David Benson Pope should have offered his immediate resignation to Clark as soon as the Setchell scandal broke. Clark may not have accepted it. I don't think I am entirely commenting with the benefit of retrospect here - this is how I would have expected Clark to deal with the situation in her first term. In fact this is exactly what another Minister, David Parker did in March 2006, and he got his job back. Ironically it was commented on at the time that Parker was essentially acting as a 'fall guy' for earlier mistakes of Benson-Pope.

Ministerial standards do appear to be falling, and such appearances, even if they are only that, are still damaging. Clark needs to leapfrog some wrinkled egos and find some new faces fast.
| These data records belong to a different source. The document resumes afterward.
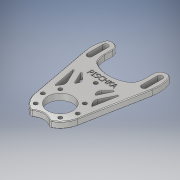
# Autodesk Inventor part: Motor Holder v3
Saved by Autodesk Inventor 2019.4 (Build 234330000, 330)
## iProperties
Created: 2019-03-01
Part Number: Motor Holder v3
Material: Aluminum 6061-AHC
Document SubType Name: Modeling
Designer: Petar
Density: 2.7 g/cm^3
Appearance: Aluminum - Dark
Mass: 26.5004 g
Surface Area: 70.5339 cm^2
Volume: 9.81495 cm^3
Author: Petar
Autodesk Inventor part; units mm, degrees
ref_plane "YZ Plane" through (0, 0, 0) normal (1, 0, 0) x (0, 1, 0)
ref_plane "XZ Plane" through (0, 0, 0) normal (0, 1, 0) x (-1, 0, 0)
ref_plane "XY Plane" through (0, 0, 0) normal (0, 0, 1) x (1, 0, 0)
sketch "Sketch1" plane through (0, 0, 0) normal (0, 1, 0) x (-1, 0, 0)
  line L0 (0, 0) -> (0, 51) construction
  circle A0 centre (0, 51) radius 10
  line L1 (16, -6.25) -> (16, 0)
  line L2 (21.5, 19.954117) -> (21.5, -14.045883) construction
  line L3 (-21.5, 18) -> (-21.5, -16) construction
  circle A1 centre (21.5, 3.5) radius 1.75 construction
  circle A2 centre (21.5, -3.5) radius 1.75 construction
  circle A3 centre (-21.5, 3.5) radius 1.75 construction
  circle A4 centre (-21.5, -3.5) radius 1.75 construction
  line L4 (-16, -6.25) -> (-16, 0)
  line L5 (21.5, 6.25) -> (21.5, -6.25) construction
  line L6 (19.45, 6.25) -> (19.45, -6.25)
  line L7 (23.55, -6.25) -> (23.55, 6.25)
  arc A5 (23.55, 6.25) -> (19.45, 6.25) centre (21.5, 6.25) ccw
  arc A6 (19.45, -6.25) -> (23.55, -6.25) centre (21.5, -6.25) ccw
  line L8 (-19.45, 6.25) -> (-19.45, -6.25)
  line L9 (-23.55, -6.25) -> (-23.55, 6.25)
  arc A7 (-19.45, 6.25) -> (-23.55, 6.25) centre (-21.5, 6.25) ccw
  arc A8 (-23.55, -6.25) -> (-19.45, -6.25) centre (-21.5, -6.25) ccw
  arc A9 (14.562609, 41.295341) -> (17.19371, 54.259804) centre (0, 51) ccw construction
  arc A10 (16, -6.25) -> (24.816002, -10.637953) centre (21.5, -6.25) ccw
  arc A11 (-24.816002, -10.637953) -> (-16, -6.25) centre (-21.5, -6.25) ccw
  line L10 (17.19371, 54.259804) -> (26.527439, 5.029412)
  line L11 (-17.19371, 54.259804) -> (-26.527439, 5.029412)
  circle A12 centre (0, 51) radius 13.75 construction
  circle A13 centre (9.722718, 60.722718) radius 1.5
  circle A14 centre (9.722718, 41.277282) radius 1.5
  line L12 (0, 51) -> (9.722718, 60.722718) construction
  line L13 (9.722718, 41.277282) -> (0, 51) construction
  circle A15 centre (-9.722718, 60.722718) radius 1.5
  circle A16 centre (-9.722718, 41.277282) radius 1.5
  circle A17 centre (13.75, 51) radius 1.5
  line L14 (13.75, 51) -> (0, 51) construction
  circle A18 centre (-13.75, 51) radius 1.5
  circle A19 centre (0, 22.976561) radius 1.5
  line L15 (14.562609, 41.295341) -> (18.699293, 19.476561)
  arc A20 (17.19371, 54.259804) -> (-17.19371, 54.259804) centre (0, 51) ccw
  arc A21 (-17.19371, 54.259804) -> (-14.562609, 41.295341) centre (0, 51) ccw construction
  line L16 (-14.562609, 41.295341) -> (-18.699293, 19.476561)
  line L17 (7.5, 66.811388) -> (0, 61) construction
  line L18 (0, 61) -> (-7.5, 66.811388) construction
  spline S0 degree 2 poles (7.5, 66.811388) (0, 61) (-7.5, 66.811388) knots 1 1 1 2 2 2
  line L19 (7.5, 66.811388) -> (-7.5, 66.811388) construction
  line L20 (18.699293, 19.476561) -> (-18.699293, 19.476561) construction
  line L21 (18.699293, 19.476561) -> (11.899653, 33.58283)
  line L22 (14.562609, 41.295341) -> (12.187745, 37.73167)
  arc A22 (12.187745, 37.73167) -> (11.899653, 33.58283) centre (15.679416, 35.404788) ccw
  line L23 (-18.699293, 19.476561) -> (-11.899653, 33.58283)
  line L24 (-14.562609, 41.295341) -> (-12.187745, 37.73167)
  arc A23 (-11.899653, 33.58283) -> (-12.187745, 37.73167) centre (-15.679416, 35.404788) ccw
  line L25 (14.258838, 19.476561) -> (8.283423, 31.872924)
  line L26 (14.258838, 19.476561) -> (7.634459, 25.898167)
  line L27 (8.283423, 31.872924) -> (7.173527, 30.207438)
  arc A24 (7.173527, 30.207438) -> (7.634459, 25.898167) centre (9.991429, 28.329562) ccw
  line L28 (-14.258838, 19.476561) -> (-8.283423, 31.872924)
  line L29 (-14.258838, 19.476561) -> (-7.634459, 25.898167)
  line L30 (-8.283423, 31.872924) -> (-7.173527, 30.207438)
  arc A25 (-7.634459, 25.898167) -> (-7.173527, 30.207438) centre (-9.991429, 28.329562) ccw
  arc A26 (24.816002, -10.637953) -> (27, 0) centre (0, 0) ccw
  arc A27 (-24.816002, -10.637953) -> (24.816002, -10.637953) centre (0, 0) ccw construction
  arc A28 (-10.301604, 24.957503) -> (-26.527439, 5.029412) centre (0, 0) ccw construction
  line L31 (21.5, -11.75) -> (-21.5, -11.75) construction
  line L32 (-21.213203, 68.5) -> (25, 68.5) construction
  line L33 (0, 61) -> (0, 61) construction
  arc A29 (13.760985, 8.163043) -> (-13.760985, 8.163043) centre (0, -11.5) ccw
  line L34 (13.760985, 8.163043) -> (-13.760985, 8.163043) construction
  arc A30 (16, 0) -> (13.760985, 8.163043) centre (0, 0) ccw
  arc A31 (-13.760985, 8.163043) -> (-16, 0) centre (0, 0) ccw
  arc A32 (27, 0) -> (26.527439, 5.029412) centre (0, 0) ccw
  arc A33 (-27, 0) -> (-24.816002, -10.637953) centre (0, 0) ccw
  arc A34 (-26.527439, 5.029412) -> (-27, 0) centre (0, 0) ccw
  arc A35 (26.527439, 5.029412) -> (-11.984726, 24.194345) centre (0, 0) ccw construction
  line L35 (16, 0) -> (-16, 0) construction
  point P0 (21.5, 0)
  point P1 (0, 12.5)
  dimension "d1" = 20
  dimension "d0" = 51
  dimension "d3" = 3.5
  dimension "d4" = 3.5
  dimension "d5" = 7
  dimension "d9" = 3.5
  dimension "d11" = 32
  dimension "d15" = 4.1
  dimension "d24" = 3
  dimension "d25" = 3
  dimension "d27" = 45
  dimension "d29" = 3
  dimension "d30" = 3
  dimension "d50" = 15
  dimension "d53" = 27
  dimension "d75" = 80.25
  dimension "d76" = 7.5
  dimension "d77" = 3.75
  dimension "d78" = 0
  dimension "d81" = 6.25
  dimension "d82" = 12.5
  dimension "d85" = 5
  dimension "d86" = 4
  dimension "d98" = 15
  dimension "d99" = 24
  dimension "d101" = 43
  dimension "d104" = 2
  constraints: 70 end point, 58 point on circle, 35 centre point, 26 symmetric about line, 19 tangent, 13 point on line, 7 coincident, 5 horizontal, 5 vertical, 3 parallel, 2 perpendicular, 1 collinear, 1 midpoint, 1 vertical alignment, 16 other
  measures "d0" distance of L0.start L0.end
  measures "d3" diameter of A1
  measures "d4" diameter of A2
  measures "d5" distance of A2.centre A1.centre
  measures "d9" vertical distance of L0.start A1.centre
  measures "d11" distance between parallel lines of L4 L1
  measures "d15" distance between parallel lines of L6 L7
  measures "d24" diameter of A13
  measures "d25" diameter of A14
  measures "d27" angle of L0 L13
  measures "d29" diameter of A17
  measures "d30" diameter of A19
  measures "d50" distance of L17.start L18.end
  measures "d53" radius of A26
  measures "d75" distance between parallel lines of L31 L32
  measures "d78" distance of L33.start L33.end
  measures "d81" vertical distance of L5.start point (0, 12.5)
  measures "d82" distance of L5.end L5.start
  measures "d85" distance between parallel lines of L10 L15
  measures "d86" distance between parallel lines of L21 L25
  measures "d98" angle of L15 L21
  measures "d99" radius of A29
  measures "d101" distance of A4.centre A2.centre
  measures "d104" distance edge to line of A19 L20
extrude "Extrusion3" add sketch "Sketch1" along normal blind 5 contours L1 A30 A29 A31 L4 A11 A33 A34 L11 A20 S0 L10 A32 A26 A10
thread "Thread1" size "M3x0.5" class "6H" standard "ANSI Metric M Profile" full length
thread "Thread2" size "M3x0.5" class "6H" standard "ANSI Metric M Profile" full length
thread "Thread3" size "M3x0.5" class "6H" standard "ANSI Metric M Profile" full length
thread "Thread4" size "M3x0.5" class "6H" standard "ANSI Metric M Profile" full length
thread "Thread5" size "M3x0.5" class "6H" standard "ANSI Metric M Profile" full length
thread "Thread6" size "M3x0.5" class "6H" standard "ANSI Metric M Profile" full length
thread "Thread7" size "M3x0.5" class "6H" standard "ANSI Metric M Profile" full length
sketch "Sketch3" plane through (0, 5, 0) normal (0, 1, 0) x (1, 0, 0)
  line L0 (-12.5, -14.976561) -> (12.5, -14.976561) construction
  line L1 (12.5, -14.976561) -> (12.5, -19.976561) construction
  line L2 (12.5, -19.976561) -> (-12.5, -19.976561) construction
  line L3 (-12.5, -19.976561) -> (-12.5, -14.976561) construction
  line L4 (0, 0) -> (0, -51) construction
  circle A0 centre (0, -22.976561) radius 1.5
  circle A1 centre (0, -51) radius 10 construction
  arc A2 (-24.816002, 10.637953) -> (-26.527439, -5.029412) centre (0, 0) ccw construction
  spline S0 degree 2 poles (-7.943274, -16.682396) (-7.943274, -16.941715) (-8.128039, -17.40849) (-8.293355, -17.570565) knots 0 0 0 1 2 2 2
  spline S1 degree 2 poles (-8.293355, -17.570565) (-8.500811, -17.774779) (-9.061589, -17.985475) (-9.489465, -17.985475) knots 0 0 0 1 2 2 2
  line L5 (-9.489465, -17.985475) -> (-9.940033, -17.985475)
  line L6 (-9.940033, -17.985475) -> (-9.940033, -19.476561)
  line L7 (-9.940033, -19.476561) -> (-10.471637, -19.476561)
  line L8 (-10.471637, -19.476561) -> (-10.471637, -15.476561)
  line L9 (-10.471637, -15.476561) -> (-9.466775, -15.476561)
  spline S2 degree 2 poles (-9.466775, -15.476561) (-9.110211, -15.476561) (-8.611021, -15.593255) (-8.419773, -15.726156) knots 0 0 0 1 2 2 2
  spline S3 degree 2 poles (-8.419773, -15.726156) (-8.19611, -15.878506) (-7.943274, -16.348522) (-7.943274, -16.682396) knots 0 0 0 1 2 2 2
  spline S4 degree 2 poles (-8.497569, -16.698603) (-8.497569, -16.491148) (-8.640195, -16.186448) (-8.786062, -16.089203) knots 0 0 0 1 2 2 2
  spline S5 degree 2 poles (-8.786062, -16.089203) (-8.91248, -16.004924) (-9.249595, -15.936853) (-9.49919, -15.936853) knots 0 0 0 1 2 2 2
  line L10 (-9.49919, -15.936853) -> (-9.940033, -15.936853)
  line L11 (-9.940033, -15.936853) -> (-9.940033, -17.531667)
  line L12 (-9.940033, -17.531667) -> (-9.576986, -17.531667)
  spline S6 degree 2 poles (-9.576986, -17.531667) (-9.252837, -17.531667) (-8.854133, -17.427939) (-8.724474, -17.291796) knots 0 0 0 1 2 2 2
  spline S7 degree 2 poles (-8.724474, -17.291796) (-8.604538, -17.171861) (-8.497569, -16.889851) (-8.497569, -16.698603) knots 0 0 0 1 2 2 2
  line L13 (-6.04376, -19.476561) -> (-7.593193, -19.476561)
  line L14 (-7.593193, -19.476561) -> (-7.593193, -19.068133)
  line L15 (-7.593193, -19.068133) -> (-7.084279, -19.068133)
  line L16 (-7.084279, -19.068133) -> (-7.084279, -15.884989)
  line L17 (-7.084279, -15.884989) -> (-7.593193, -15.884989)
  line L18 (-7.593193, -15.884989) -> (-7.593193, -15.476561)
  line L19 (-7.593193, -15.476561) -> (-6.04376, -15.476561)
  line L20 (-6.04376, -15.476561) -> (-6.04376, -15.884989)
  line L21 (-6.04376, -15.884989) -> (-6.552674, -15.884989)
  line L22 (-6.552674, -15.884989) -> (-6.552674, -19.068133)
  line L23 (-6.552674, -19.068133) -> (-6.04376, -19.068133)
  line L24 (-6.04376, -19.068133) -> (-6.04376, -19.476561)
  spline S8 degree 2 poles (-4.270665, -19.547874) (-4.705025, -19.547874) (-5.314425, -19.366351) (-5.583469, -19.236691) knots 0 0 0 1 2 2 2
  line L25 (-5.583469, -19.236691) -> (-5.583469, -18.568944)
  line L26 (-5.583469, -18.568944) -> (-5.544571, -18.568944)
  spline S9 degree 2 poles (-5.544571, -18.568944) (-5.28201, -18.815297) (-4.617504, -19.087582) (-4.309563, -19.087582) knots 0 0 0 1 2 2 2
  spline S10 degree 2 poles (-4.309563, -19.087582) (-3.86872, -19.087582) (-3.418153, -18.721294) (-3.418153, -18.419835) knots 0 0 0 1 2 2 2
  spline S11 degree 2 poles (-3.418153, -18.419835) (-3.418153, -18.179965) (-3.654781, -17.881748) (-3.910859, -17.807193) knots 0 0 0 1 2 2 2
  spline S12 degree 2 poles (-3.910859, -17.807193) (-4.095624, -17.75533) (-4.403566, -17.684017) (-4.633712, -17.62567) knots 0 0 0 1 2 2 2
  spline S13 degree 2 poles (-4.633712, -17.62567) (-4.841167, -17.570565) (-5.168558, -17.405249) (-5.294976, -17.272347) knots 0 0 0 1 2 2 2
  spline S14 degree 2 poles (-5.294976, -17.272347) (-5.418153, -17.139446) (-5.554295, -16.782882) (-5.554295, -16.549495) knots 0 0 0 1 2 2 2
  spline S15 degree 2 poles (-5.554295, -16.549495) (-5.554295, -16.063271) (-4.795786, -15.405248) (-4.209076, -15.405248) knots 0 0 0 1 2 2 2
  spline S16 degree 2 poles (-4.209076, -15.405248) (-3.871961, -15.405248) (-3.275527, -15.53815) (-3.019449, -15.664568) knots 0 0 0 1 2 2 2
  line L27 (-3.019449, -15.664568) -> (-3.019449, -16.2999)
  line L28 (-3.019449, -16.2999) -> (-3.058347, -16.2999)
  spline S17 degree 2 poles (-3.058347, -16.2999) (-3.249595, -16.12486) (-3.846029, -15.86554) (-4.17342, -15.86554) knots 0 0 0 1 2 2 2
  spline S18 degree 2 poles (-4.17342, -15.86554) (-4.54295, -15.86554) (-5, -16.21238) (-5, -16.49439) knots 0 0 0 1 2 2 2
  spline S19 degree 2 poles (-5, -16.49439) (-5, -16.747226) (-4.730956, -17.048684) (-4.47812, -17.116756) knots 0 0 0 1 2 2 2
  spline S20 degree 2 poles (-4.47812, -17.116756) (-4.309563, -17.162137) (-3.820097, -17.27883) (-3.658023, -17.327453) knots 0 0 0 1 2 2 2
  spline S21 degree 2 poles (-3.658023, -17.327453) (-3.246354, -17.453871) (-2.863858, -17.962785) (-2.863858, -18.335556) knots 0 0 0 1 2 2 2
  spline S22 degree 2 poles (-2.863858, -18.335556) (-2.863858, -18.572185) (-3.055106, -19.025994) (-3.226905, -19.184827) knots 0 0 0 1 2 2 2
  spline S23 degree 2 poles (-3.226905, -19.184827) (-3.418153, -19.359868) (-3.904376, -19.547874) (-4.270665, -19.547874) knots 0 0 0 1 2 2 2
  spline S24 degree 2 poles (-0.76013, -19.547874) (-1.149109, -19.547874) (-1.807131, -19.285313) (-2.047002, -19.022753) knots 0 0 0 1 2 2 2
  spline S25 degree 2 poles (-2.047002, -19.022753) (-2.286872, -18.763433) (-2.549433, -17.985475) (-2.549433, -17.479803) knots 0 0 0 1 2 2 2
  spline S26 degree 2 poles (-2.549433, -17.479803) (-2.549433, -16.977372) (-2.293355, -16.231829) (-2.050243, -15.956302) knots 0 0 0 1 2 2 2
  spline S27 degree 2 poles (-2.050243, -15.956302) (-1.810373, -15.687258) (-1.155592, -15.405248) (-0.750405, -15.405248) knots 0 0 0 1 2 2 2
  spline S28 degree 2 poles (-0.750405, -15.405248) (-0.549433, -15.405248) (-0.19611, -15.463595) (-0.047002, -15.508976) knots 0 0 0 1 2 2 2
  spline S29 degree 2 poles (-0.047002, -15.508976) (0.082658, -15.551116) (0.351702, -15.671051) (0.484603, -15.742364) knots 0 0 0 1 2 2 2
  line L29 (0.484603, -15.742364) -> (0.484603, -16.384179)
  line L30 (0.484603, -16.384179) -> (0.442463, -16.384179)
  spline S30 degree 2 poles (0.442463, -16.384179) (0.371151, -16.319349) (0.150729, -16.137825) (-0.008104, -16.050305) knots 0 0 0 1 2 2 2
  spline S31 degree 2 poles (-0.008104, -16.050305) (-0.160454, -15.966026) (-0.520259, -15.859057) (-0.753647, -15.859057) knots 0 0 0 1 2 2 2
  spline S32 degree 2 poles (-0.753647, -15.859057) (-1.009725, -15.859057) (-1.466775, -16.069754) (-1.638574, -16.270727) knots 0 0 0 1 2 2 2
  spline S33 degree 2 poles (-1.638574, -16.270727) (-1.807131, -16.474941) (-1.995138, -17.094065) (-1.995138, -17.479803) knots 0 0 0 1 2 2 2
  spline S34 degree 2 poles (-1.995138, -17.479803) (-1.995138, -17.891472) (-1.797407, -18.484665) (-1.625608, -18.688879) knots 0 0 0 1 2 2 2
  spline S35 degree 2 poles (-1.625608, -18.688879) (-1.45705, -18.88661) (-1.006483, -19.087582) (-0.753647, -19.087582) knots 0 0 0 1 2 2 2
  spline S36 degree 2 poles (-0.753647, -19.087582) (-0.523501, -19.087582) (-0.131281, -18.97413) (0.02107, -18.889851) knots 0 0 0 1 2 2 2
  spline S37 degree 2 poles (0.02107, -18.889851) (0.166937, -18.805573) (0.384117, -18.630532) (0.445705, -18.568944) knots 0 0 0 1 2 2 2
  line L31 (0.445705, -18.568944) -> (0.484603, -18.568944)
  line L32 (0.484603, -18.568944) -> (0.484603, -19.204276)
  spline S38 degree 2 poles (0.484603, -19.204276) (0.351702, -19.265864) (0.118314, -19.379317) (-0.047002, -19.43118) knots 0 0 0 1 2 2 2
  spline S39 degree 2 poles (-0.047002, -19.43118) (-0.222042, -19.489527) (-0.520259, -19.547874) (-0.76013, -19.547874) knots 0 0 0 1 2 2 2
  line L33 (3.884927, -19.476561) -> (3.353322, -19.476561)
  line L34 (3.353322, -19.476561) -> (3.353322, -17.518701)
  line L35 (3.353322, -17.518701) -> (1.512155, -17.518701)
  line L36 (1.512155, -17.518701) -> (1.512155, -19.476561)
  line L37 (1.512155, -19.476561) -> (0.980551, -19.476561)
  line L38 (0.980551, -19.476561) -> (0.980551, -15.476561)
  line L39 (0.980551, -15.476561) -> (1.512155, -15.476561)
  line L40 (1.512155, -15.476561) -> (1.512155, -17.045443)
  line L41 (1.512155, -17.045443) -> (3.353322, -17.045443)
  line L42 (3.353322, -17.045443) -> (3.353322, -15.476561)
  line L43 (3.353322, -15.476561) -> (3.884927, -15.476561)
  line L44 (3.884927, -15.476561) -> (3.884927, -19.476561)
  line L45 (7.612642, -19.476561) -> (6.922204, -19.476561)
  line L46 (6.922204, -19.476561) -> (5.460292, -17.615945)
  line L47 (5.460292, -17.615945) -> (5.226904, -17.878506)
  line L48 (5.226904, -17.878506) -> (5.226904, -19.476561)
  line L49 (5.226904, -19.476561) -> (4.6953, -19.476561)
  line L50 (4.6953, -19.476561) -> (4.6953, -15.476561)
  line L51 (4.6953, -15.476561) -> (5.226904, -15.476561)
  line L52 (5.226904, -15.476561) -> (5.226904, -17.314487)
  line L53 (5.226904, -17.314487) -> (6.867099, -15.476561)
  line L54 (6.867099, -15.476561) -> (7.515397, -15.476561)
  line L55 (7.515397, -15.476561) -> (5.858995, -17.262623)
  line L56 (5.858995, -17.262623) -> (7.612642, -19.476561)
  line L57 (7.49919, -19.476561) -> (8.84765, -15.476561)
  line L58 (8.84765, -15.476561) -> (9.502431, -15.476561)
  line L59 (9.502431, -15.476561) -> (10.850891, -19.476561)
  line L60 (10.850891, -19.476561) -> (10.290113, -19.476561)
  line L61 (10.290113, -19.476561) -> (9.927066, -18.358247)
  line L62 (9.927066, -18.358247) -> (8.400324, -18.358247)
  line L63 (8.400324, -18.358247) -> (8.037277, -19.476561)
  line L64 (8.037277, -19.476561) -> (7.49919, -19.476561)
  line L65 (9.781199, -17.904438) -> (9.162075, -16.021132)
  line L66 (9.162075, -16.021132) -> (8.546191, -17.904438)
  line L67 (8.546191, -17.904438) -> (9.781199, -17.904438)
  dimension "d68" = 3
  dimension "d69" = 5
  dimension "d70" = 25
  constraints: 2 coincident, 2 end point, 1 vertical, 3 other
  measures "d68" distance from line of L2 A0.centre
  measures "d69" distance between parallel lines of L0 L2
  measures "d70" distance between parallel lines of L3 L1
emboss "Emboss1" sketch "Sketch3" operation cut depth 0.2 direction (0, -1, 0) contours S0 S1 L5 L6 L7 L8 L9 S2 S3 | L13 L14 L15 L16 L17 L18 L19 L20 L21 L22 L23 L24 | S8 L25 L26 S9 S10 S11 S12 S13 S14 S15 S16 L27 L28 S17 S18 S19 S20 S21 S22 S23 | S24 S25 S26 S27 S28 S29 L29 L30 S30 S31 S32 S33 S34 S35 S36 S37 L31 L32 S38 S39 | L33 L34 L35 L36 L37 L38 L39 L40 L41 L42 L43 L44 | L45 L57 L56 | L56 L57 L58 L59 L60 L61 L62 L63 L64 | L45 L46 L47 L48 L49 L50 L51 L52 L53 L54 L55 L56 L57
sketch "Sketch4" plane through (0, 0, 0) normal (0, -1, 0) x (1, 0, 0)
  circle A0 centre (0, 22.976561) radius 1.5
  line L0 (12.5, 14.976561) -> (-12.5, 14.976561) construction
  line L1 (-12.5, 14.976561) -> (-12.5, 19.976561) construction
  line L2 (-12.5, 19.976561) -> (12.5, 19.976561) construction
  line L3 (12.5, 19.976561) -> (12.5, 14.976561) construction
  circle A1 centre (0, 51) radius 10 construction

The left should not weep at the downfall of David Benson-Pope. Despite claims in some quarters that he is on the left of the Labour party, his actions in his Social Development and Employment portfolio suggest the opposite. The Social Security Amendment Act changed the whole purpose of the 1938 Social Security Act that established the welfare state. The new Act "wipes away any notion our social security system is about ensuring everyone can participate as citizens, instead it makes getting a job, any job the fundamental duty of citizenship". As Louise Humpage and Susan St John say - the Government is undermining the original notion of 'well-fare' in a way that would have Michael Joseph Savage turning in his grave. The new Act also will make it very easy for a future government to reintroduce work for the dole. If Benson-Pope is on the left, the Labour party is now even more of a centre-right party than I imagined.